▶ _TASK TO CARRY OUT_
Pictures should be left out while the data beneath this task is written out word for word.

= = = = = = =

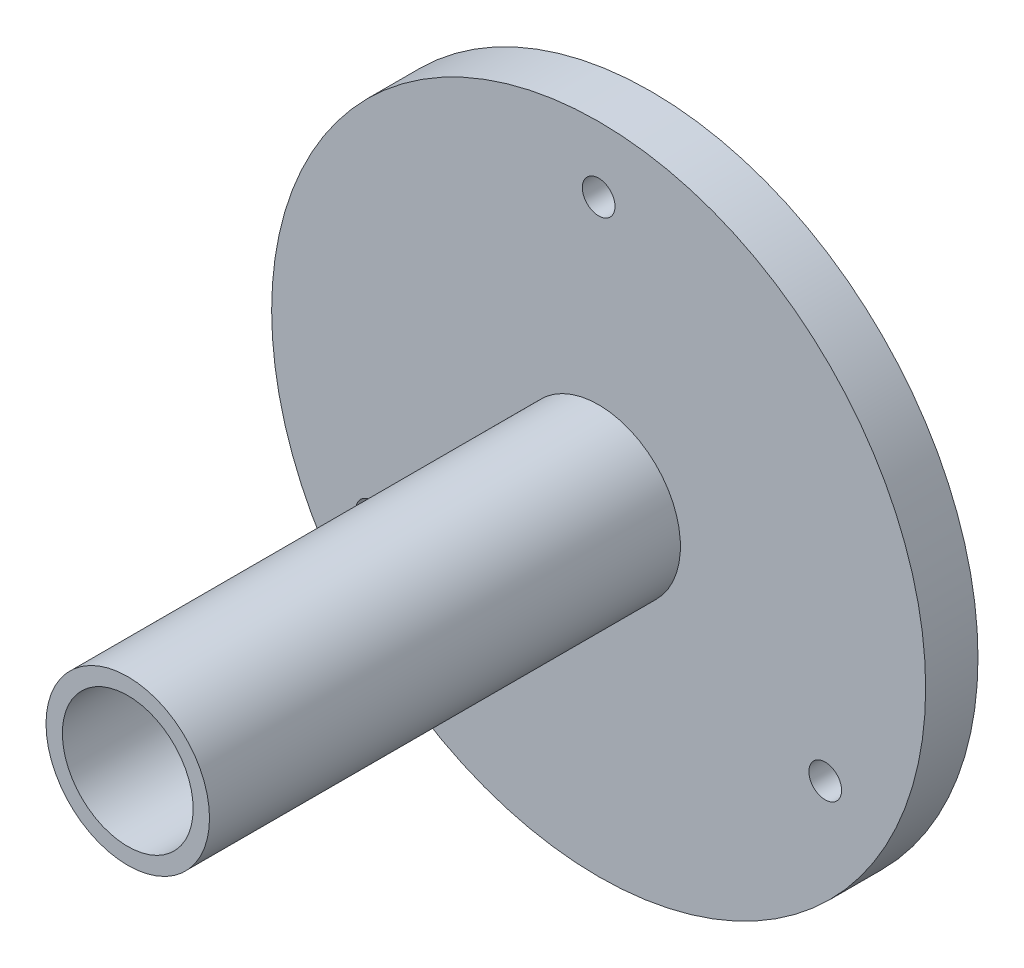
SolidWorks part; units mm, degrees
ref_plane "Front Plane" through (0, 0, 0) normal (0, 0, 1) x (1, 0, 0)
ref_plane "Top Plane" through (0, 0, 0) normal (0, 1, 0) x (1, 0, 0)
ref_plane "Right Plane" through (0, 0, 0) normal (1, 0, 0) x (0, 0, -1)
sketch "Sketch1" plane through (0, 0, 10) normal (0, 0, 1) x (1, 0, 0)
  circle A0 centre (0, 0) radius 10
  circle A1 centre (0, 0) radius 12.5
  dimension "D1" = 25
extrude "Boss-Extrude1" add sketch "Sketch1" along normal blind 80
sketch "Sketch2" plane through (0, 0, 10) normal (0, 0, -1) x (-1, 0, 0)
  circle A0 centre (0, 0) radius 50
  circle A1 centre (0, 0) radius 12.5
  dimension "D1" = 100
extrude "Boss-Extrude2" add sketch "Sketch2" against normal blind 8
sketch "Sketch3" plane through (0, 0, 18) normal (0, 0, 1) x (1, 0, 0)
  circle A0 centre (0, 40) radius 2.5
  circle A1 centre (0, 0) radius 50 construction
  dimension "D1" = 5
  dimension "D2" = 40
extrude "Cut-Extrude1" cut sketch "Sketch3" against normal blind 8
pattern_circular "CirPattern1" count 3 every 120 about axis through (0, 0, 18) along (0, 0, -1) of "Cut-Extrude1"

= = = = = = =

▶ _YOUR SOLUTION_
SolidWorks part; units mm, degrees
ref_plane "Front Plane" through (0, 0, 0) normal (0, 0, 1) x (1, 0, 0)
ref_plane "Top Plane" through (0, 0, 0) normal (0, 1, 0) x (1, 0, 0)
ref_plane "Right Plane" through (0, 0, 0) normal (1, 0, 0) x (0, 0, -1)
sketch "Sketch1" plane through (0, 0, 10) normal (0, 0, 1) x (1, 0, 0)
  circle A0 centre (0, 0) radius 10
  circle A1 centre (0, 0) radius 12.5
  dimension "D1" = 25
extrude "Boss-Extrude1" add sketch "Sketch1" along normal blind 80
sketch "Sketch2" plane through (0, 0, 10) normal (0, 0, -1) x (-1, 0, 0)
  circle A0 centre (0, 0) radius 50
  circle A1 centre (0, 0) radius 12.5
  dimension "D1" = 100
extrude "Boss-Extrude2" add sketch "Sketch2" against normal blind 8
sketch "Sketch3" plane through (0, 0, 18) normal (0, 0, 1) x (1, 0, 0)
  circle A0 centre (0, 40) radius 2.5
  circle A1 centre (0, 0) radius 50 construction
  dimension "D1" = 5
  dimension "D2" = 40
extrude "Cut-Extrude1" cut sketch "Sketch3" against normal blind 8
pattern_circular "CirPattern1" count 3 every 120 about axis through (0, 0, 18) along (0, 0, -1) of "Cut-Extrude1"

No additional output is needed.